Bill Russell, a guy who averaged 18 points per game and 23 rebounds per game won the MVP over Big O’s triple-double average and Wilt Chamberlain’s 50 points per game.

But his Celtics were the Eastern Conference champions and NBA champions.

Winning should matter concerning who the most valuable player is.

It did with Steph Curry.

It did with LeBron.

Why are we giving Westbrook a hall pass?

Because his “bestie” left him in OKC?

There are two people currently, just off the top of my head, who are most definitely better than Westbrook, or certainly more valuable.

James Harden and Kawhi Leonard.

Harden has assumed the duty of being the Rocket’s primary ball handler and scorer, while also leading the team in assists, all the while leading the Rockets to the third best record in the Western Conference (WC).

Kawhi Leonard is about to be the three time (in a row) defensive player of the year on a Spurs team that is number two in the WC.

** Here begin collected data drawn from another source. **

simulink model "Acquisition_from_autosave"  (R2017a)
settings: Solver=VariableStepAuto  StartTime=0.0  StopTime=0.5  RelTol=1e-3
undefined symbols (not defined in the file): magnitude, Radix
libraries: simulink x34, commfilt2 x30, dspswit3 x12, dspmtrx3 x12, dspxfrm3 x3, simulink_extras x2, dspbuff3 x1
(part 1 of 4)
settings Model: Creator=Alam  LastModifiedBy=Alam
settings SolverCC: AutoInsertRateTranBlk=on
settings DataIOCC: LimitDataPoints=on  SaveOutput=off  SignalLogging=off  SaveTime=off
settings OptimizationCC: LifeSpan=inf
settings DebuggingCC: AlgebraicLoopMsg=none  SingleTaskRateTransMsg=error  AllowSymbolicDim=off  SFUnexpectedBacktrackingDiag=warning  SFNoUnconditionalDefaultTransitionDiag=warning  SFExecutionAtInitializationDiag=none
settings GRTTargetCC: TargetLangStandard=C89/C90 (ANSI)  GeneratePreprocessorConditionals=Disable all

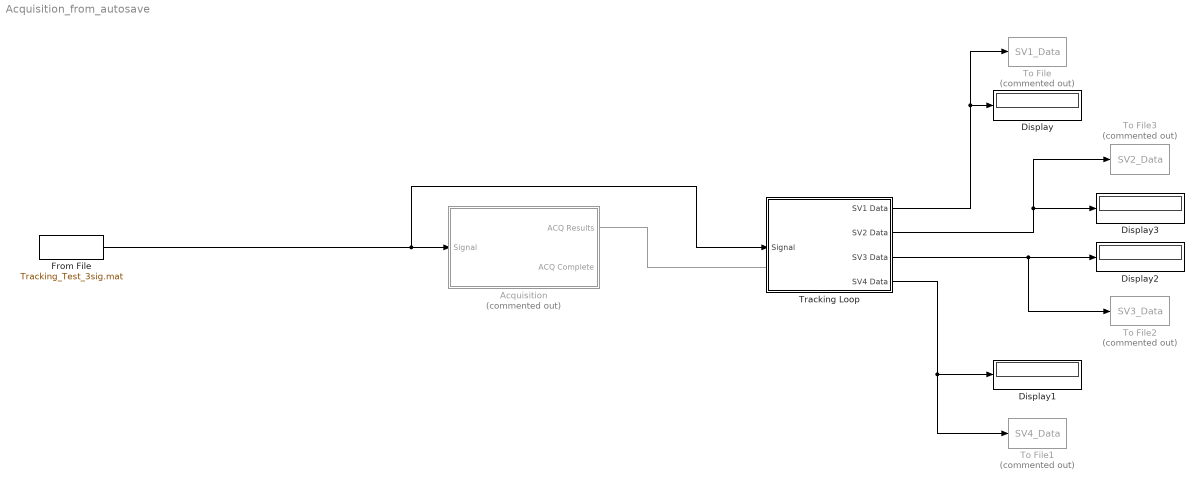
== system Acquisition_from_autosave ==
  Acquisition : Subsystem  Commented=on
  Display{,1..3} (4 alike) : Display
  From File : FromFile  FileName=Tracking_Test_3sig.mat  SampleTime=0
  To File : ToFile  Commented=on  Filename=SV1_Data  MatrixName=SV1  SampleTime=0.01
  To File1 : ToFile  Commented=on  Filename=SV4_Data  MatrixName=SV4  SampleTime=0.01
  To File2 : ToFile  Commented=on  Filename=SV3_Data  MatrixName=SV3  SampleTime=0.01
  To File3 : ToFile  Commented=on  Filename=SV2_Data  MatrixName=SV2  SampleTime=0.01
  Tracking Loop : Subsystem
      settings: MinAlgLoopOccurrences=on
  wires:
  Tracking Loop/1(SV1 Data) -> Display/1, To File/1
  Tracking Loop/4(SV4 Data) -> To File1/1, Display1/1
  Tracking Loop/3(SV3 Data) -> To File2/1, Display2/1
  Tracking Loop/2(SV2 Data) -> Display3/1, To File3/1
  Acquisition/1(ACQ Results) -> ?
  From File/1 -> Acquisition/1(Signal), Tracking Loop/1(Signal)

== system Acquisition_from_autosave/Acquisition ==
  Signal : Inport
  Array of Sattelite Info : MATLAB Function  TreatAsAtomicUnit=on  SystemSampleTime=0.021
  CA Number : dspswit3/Counter  Direction=Up  CountEvent=Rising edge  CounterSize=User defined  MaxCount=32  InitialCount=0  Output=Count  HitValue=32  ResetInput=off  SamplesPerFrame=1  Ts=1  CntDtype=double  HitDtype=Logical
  CAcode : ModelReference  ModelNameDialog=CAcode.mdl  SimulationMode=Normal  ModelReferenceVersion=1.53
  Clock : simulink_extras/Flip Flops/Clock  period=0.001
  Clock1 : simulink_extras/Flip Flops/Clock  period=0.021
  Complex to Magnitude-Angle : ComplexToMagnitudeAngle  Output=Magnitude
  Complex to Real-Imag1 : ComplexToRealImag
  "Discrete Conversion " : Subsystem
  FFT : dspxfrm3/FFT  FFTImplementation=Radix-2  CompMethod=Table lookup  TableOpt=NEW  TableOptActive=Speed  BitRevOrder=off  Normalize=off  InheritFFTLength=on  FFTLength=64  WrapInput=on  roundingMode=Floor  overflowMode=off  firstCoeffDataTypeStr=Inherit: Same word length as input  firstCoeffLastDataTypeStr=Inherit: Same word length as input  outputMin=[]  outputMax=[]
  FFT1 : dspxfrm3/FFT  FFTImplementation=Radix-2  CompMethod=Table lookup  TableOpt=NEW  TableOptActive=Speed  BitRevOrder=off  Normalize=off  InheritFFTLength=on  FFTLength=64  WrapInput=on  roundingMode=Floor  overflowMode=off  firstCoeffDataTypeStr=Inherit: Same word length as input  firstCoeffLastDataTypeStr=Inherit: Same word length as input  outputMin=[]  outputMax=[]
  Freq Step : dspswit3/Counter  Direction=Up  CountEvent=Rising edge  CounterSize=User defined  MaxCount=20  InitialCount=0  Output=Count  HitValue=32  ResetInput=off  SamplesPerFrame=1  Ts=1  CntDtype=double  HitDtype=Logical
  IFFT : dspxfrm3/IFFT  FFTImplementation=Radix-2  CompMethod=Table lookup  TableOpt=NEW  TableOptActive=Speed  BitRevOrder=off  cs_in=off  Normalize=on  InheritFFTLength=on  FFTLength=64  WrapInput=on  mode=Complex  outSamplingMode=Sample based  roundingMode=Floor  overflowMode=off  firstCoeffDataTypeStr=Inherit: Same word length as input  firstCoeffLastDataTypeStr=Inherit: Same word length as input  outputMin=[]  outputMax=[]
      settings: SourceProductName=DSP System Toolbox
  Math Function : Math  Operator=conj  SaturateOnIntegerOverflow=on
  Non-Return to Zero : Subsystem
  Oscillator : ModelReference  ModelNameDialog=Local_Oscillator.slx  SimulationMode=Normal  ModelReferenceVersion=1.39
  Product{,1..3} (4 alike) : Product
  RT : RateTransition  OutPortSampleTime=0.021
  Rate Transition : RateTransition
  Real-Imag to Complex : RealImagToComplex
  Reshape : Reshape  OutputDimensionality=Column vector (2-D)
  Search Correlation Data : Subsystem
  ACQ Results : Outport
  ACQ Complete : Outport  Port=2
  wires:
  Array of Sattelite Info/1(Visible_Satellites) -> ACQ Results/1
  Array of Sattelite Info/2(Complete) -> ACQ Complete/1
  FFT1/1 -> Math Function/1
  CAcode/1 -> Reshape/1
  Product1/1 -> Real-Imag to Complex/2
  Oscillator/1 -> Complex to Real-Imag1/1
  IFFT/1 -> Complex to Magnitude-Angle/1
  Rate Transition/1 -> Oscillator/1
  Complex to Real-Imag1/1 -> Product/2
  Math Function/1 -> Product2/2
  Complex to Magnitude-Angle/1 -> Product3/1, Product3/2
  Clock1/1 -> CA Number/1
  Product3/1 -> Search Correlation Data/1(In1)
  Search Correlation Data/1(Out1) -> RT/1
  Clock/1 -> Freq Step/1
  Freq Step/1 -> Rate Transition/1, Search Correlation Data/3(In3)
  "Discrete Conversion "/1(Out1) -> FFT/1
  FFT/1 -> Product2/1
  Reshape/1 -> Non-Return to Zero/1(In1)
  Real-Imag to Complex/1 -> "Discrete Conversion "/1(In1)
  Non-Return to Zero/1(Out1) -> FFT1/1
  CA Number/1 -> Search Correlation Data/2(In2), CAcode/1
  Product2/1 -> IFFT/1
  Product/1 -> Real-Imag to Complex/1
  Signal/1 -> Product/1, Product1/1
  Complex to Real-Imag1/2 -> Product1/2
  RT/1 -> Array of Sattelite Info/1(input_vector)

== system Acquisition_from_autosave/Tracking Loop ==
  Signal : Inport
  MATLAB Function : MATLAB Function  TreatAsAtomicUnit=on
  SV Parameter Fetch : Subsystem
  Scope : Scope  NumInputPorts=4
  Scope1 : Scope  NumInputPorts=4
  Sign{,1..3} (4 alike) : Signum
  Tracking Loops : Subsystem
  SV1 Data : Outport
  SV2 Data : Outport  Port=2
  SV3 Data : Outport  Port=3
  SV4 Data : Outport  Port=4
  wires:
  MATLAB Function/1(y) -> SV Parameter Fetch/1(ACQ results)
  SV Parameter Fetch/1(PRN_SV_1) -> Tracking Loops/2(In2)
  SV Parameter Fetch/2(Freq_SV_1) -> Tracking Loops/3(In3)
  SV Parameter Fetch/3(CodePhase_SV_1) -> Tracking Loops/4(In4)
  SV Parameter Fetch/4(PRN_SV_2) -> Tracking Loops/5(In5)
  SV Parameter Fetch/5(Freq_SV_2) -> Tracking Loops/6(In6)
  SV Parameter Fetch/6(CodePhase_SV_2) -> Tracking Loops/7(In7)
  SV Parameter Fetch/7(PRN_SV_3) -> Tracking Loops/8(In8)
  SV Parameter Fetch/8(Freq_SV_3) -> Tracking Loops/9(In9)
  SV Parameter Fetch/9(CodePhase_SV_3) -> Tracking Loops/10(In10)
  SV Parameter Fetch/10(PRN_SV_4) -> Tracking Loops/11(In11)
  SV Parameter Fetch/11(Freq_SV_4) -> Tracking Loops/12(In12)
  SV Parameter Fetch/12(CodePhase_SV_4) -> Tracking Loops/13(In13)
  Signal/1 -> Tracking Loops/1(In1)
  Tracking Loops/1(SV1 Data) -> Sign/1, Scope1/1, SV1 Data/1
  Tracking Loops/2(SV2 Data) -> Scope1/2, SV2 Data/1, Sign1/1
  Tracking Loops/3(SV3 Data) -> Sign3/1, Scope1/3, SV3 Data/1
  Tracking Loops/4(SV4 Data) -> Scope1/4, Sign2/1, SV4 Data/1
  Sign/1 -> Scope/1
  Sign1/1 -> Scope/2
  Sign2/1 -> Scope/4
  Sign3/1 -> Scope/3

== system Acquisition_from_autosave/Acquisition/Discrete Conversion  ==
  In1 : Inport
  Delay Line : dspbuff3/Delay Line  siz=32768  ic=0  directfeed=off  enable_output=off  hold_output=off  OutputFrames=off
      settings: SourceProductName=DSP System Toolbox  SourceProductBaseCode=DS
  Zero-Order Hold : ZeroOrderHold  SampleTime=3.05175781e-8
  Out1 : Outport  SampleTime=0.001
  wires:
  Delay Line/1 -> Out1/1
  Zero-Order Hold/1 -> Delay Line/1
  In1/1 -> Zero-Order Hold/1

== system Acquisition_from_autosave/Acquisition/Non-Return to Zero ==
  In1 : Inport
  Constant2 : Constant  Value=2
  Constant6 : Constant  Value=-1
  Product4 : Product
  Sum : Sum  Inputs=|++
  Out1 : Outport
  wires:
  Sum/1 -> Out1/1
  Constant2/1 -> Product4/1
  Product4/1 -> Sum/1
  In1/1 -> Product4/2
  Constant6/1 -> Sum/2

== system Acquisition_from_autosave/Acquisition/Search Correlation Data ==
  In1 : Inport  PortDimensions=[32768 1]  SampleTime=0.001
  In2 : Inport  Port=2  SampleTime=0.001
  In3 : Inport  Port=3  SampleTime=0.001
  MATLAB Function : MATLAB Function  TreatAsAtomicUnit=on  SystemSampleTime=0.001
  Out1 : Outport
  wires:
  MATLAB Function/1(Sat) -> Out1/1
  In3/1 -> MATLAB Function/3(freq_step)
  In1/1 -> MATLAB Function/1(vector)
  In2/1 -> MATLAB Function/2(PRN)

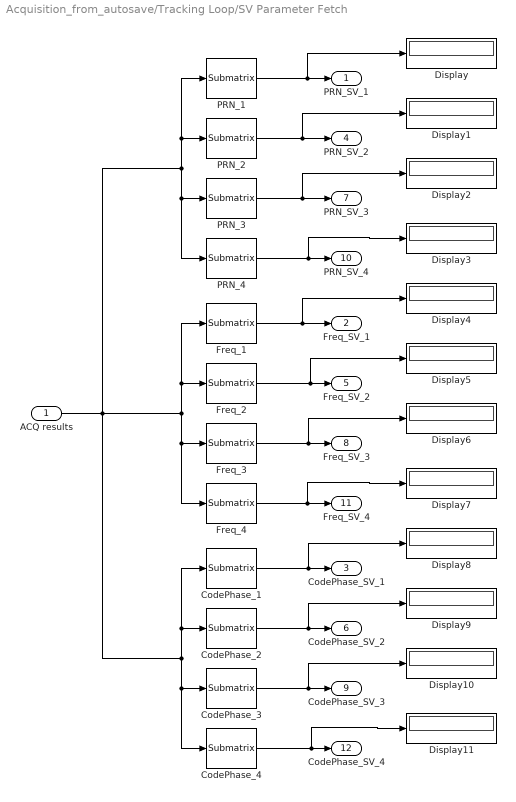
== system Acquisition_from_autosave/Tracking Loop/SV Parameter Fetch ==
  ACQ results : Inport
  CodePhase_1 : dspmtrx3/Submatrix  RowSpan=One row  RowStartMode=Index  RowStartIndex=1  RowEndMode=Last  RowEndIndex=1  ColSpan=One column  ColStartMode=Index  ColStartIndex=4  ColEndMode=Last  ColEndIndex=1
  CodePhase_2 : dspmtrx3/Submatrix  RowSpan=One row  RowStartMode=Index  RowStartIndex=2  RowEndMode=Last  RowEndIndex=1  ColSpan=One column  ColStartMode=Index  ColStartIndex=4  ColEndMode=Last  ColEndIndex=1
  CodePhase_3 : dspmtrx3/Submatrix  RowSpan=One row  RowStartMode=Index  RowStartIndex=3  RowEndMode=Last  RowEndIndex=1  ColSpan=One column  ColStartMode=Index  ColStartIndex=4  ColEndMode=Last  ColEndIndex=1
  CodePhase_4 : dspmtrx3/Submatrix  RowSpan=One row  RowStartMode=Index  RowStartIndex=4  RowEndMode=Last  RowEndIndex=1  ColSpan=One column  ColStartMode=Index  ColStartIndex=4  ColEndMode=Last  ColEndIndex=1
  Display{,1..11} (12 alike) : Display
  Freq_1 : dspmtrx3/Submatrix  RowSpan=One row  RowStartMode=Index  RowStartIndex=1  RowEndMode=Last  RowEndIndex=1  ColSpan=One column  ColStartMode=Index  ColStartIndex=3  ColEndMode=Last  ColEndIndex=1
  Freq_2 : dspmtrx3/Submatrix  RowSpan=One row  RowStartMode=Index  RowStartIndex=2  RowEndMode=Last  RowEndIndex=1  ColSpan=One column  ColStartMode=Index  ColStartIndex=3  ColEndMode=Last  ColEndIndex=1
  Freq_3 : dspmtrx3/Submatrix  RowSpan=One row  RowStartMode=Index  RowStartIndex=3  RowEndMode=Last  RowEndIndex=1  ColSpan=One column  ColStartMode=Index  ColStartIndex=3  ColEndMode=Last  ColEndIndex=1
  Freq_4 : dspmtrx3/Submatrix  RowSpan=One row  RowStartMode=Index  RowStartIndex=4  RowEndMode=Last  RowEndIndex=1  ColSpan=One column  ColStartMode=Index  ColStartIndex=3  ColEndMode=Last  ColEndIndex=1
  PRN_1 : dspmtrx3/Submatrix  RowSpan=One row  RowStartMode=Index  RowStartIndex=1  RowEndMode=Last  RowEndIndex=1  ColSpan=One column  ColStartMode=Index  ColStartIndex=2  ColEndMode=Last  ColEndIndex=1
  PRN_2 : dspmtrx3/Submatrix  RowSpan=One row  RowStartMode=Index  RowStartIndex=2  RowEndMode=Last  RowEndIndex=1  ColSpan=One column  ColStartMode=Index  ColStartIndex=2  ColEndMode=Last  ColEndIndex=1
  PRN_3 : dspmtrx3/Submatrix  RowSpan=One row  RowStartMode=Index  RowStartIndex=3  RowEndMode=Last  RowEndIndex=1  ColSpan=One column  ColStartMode=Index  ColStartIndex=2  ColEndMode=Last  ColEndIndex=1
  PRN_4 : dspmtrx3/Submatrix  RowSpan=One row  RowStartMode=Index  RowStartIndex=4  RowEndMode=Last  RowEndIndex=1  ColSpan=One column  ColStartMode=Index  ColStartIndex=2  ColEndMode=Last  ColEndIndex=1
  PRN_SV_1 : Outport
  Freq_SV_1 : Outport  Port=2
  CodePhase_SV_1 : Outport  Port=3
  PRN_SV_2 : Outport  Port=4
  Freq_SV_2 : Outport  Port=5
  CodePhase_SV_2 : Outport  Port=6
  PRN_SV_3 : Outport  Port=7
  Freq_SV_3 : Outport  Port=8
  CodePhase_SV_3 : Outport  Port=9
  PRN_SV_4 : Outport  Port=10
  Freq_SV_4 : Outport  Port=11
  CodePhase_SV_4 : Outport  Port=12
  wires:
  ACQ results/1 -> CodePhase_4/1, CodePhase_3/1, CodePhase_2/1, CodePhase_1/1, Freq_4/1, Freq_3/1, Freq_2/1, Freq_1/1, PRN_4/1, PRN_3/1, PRN_2/1, PRN_1/1
  PRN_1/1 -> Display/1, PRN_SV_1/1
  PRN_2/1 -> Display1/1, PRN_SV_2/1
  PRN_3/1 -> Display2/1, PRN_SV_3/1
  PRN_4/1 -> Display3/1, PRN_SV_4/1
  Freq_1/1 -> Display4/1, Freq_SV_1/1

He is also the leading scorer for his team, but then guards the opposing team’s best player.

These guys are doing things right, they score effectively, they lead their teams, they are not their entire team.

If you want to measure Westbrook against the NBA’s current measuring stick of greatness, the one and only LeBron James you would see how flawed the system is when taking into account how inefficient Westbrook is compared to how much he gets used.

Westbrook is used on a league leading 40 percent of his team's possessions and shoots 42.4 in FG percentage and takes an average of 24 shots per game while a guy like LeBron is shooting 54 percent total and taking 18 shots, but his usage is 14th in the league at 29.1 percent But there is only a five point per game (ppg) difference. LeBron also shoots 36 percent from deep compared to 34 percent for Russ. If you add up these numbers and then adjust them to what Westbrook does and had him shoot the same FG percentage as LeBron he would be averaging around 40 ppg.

Which in turn would make him the most efficient player in NBA history, not a guy who isn’t even in the top 100 this season.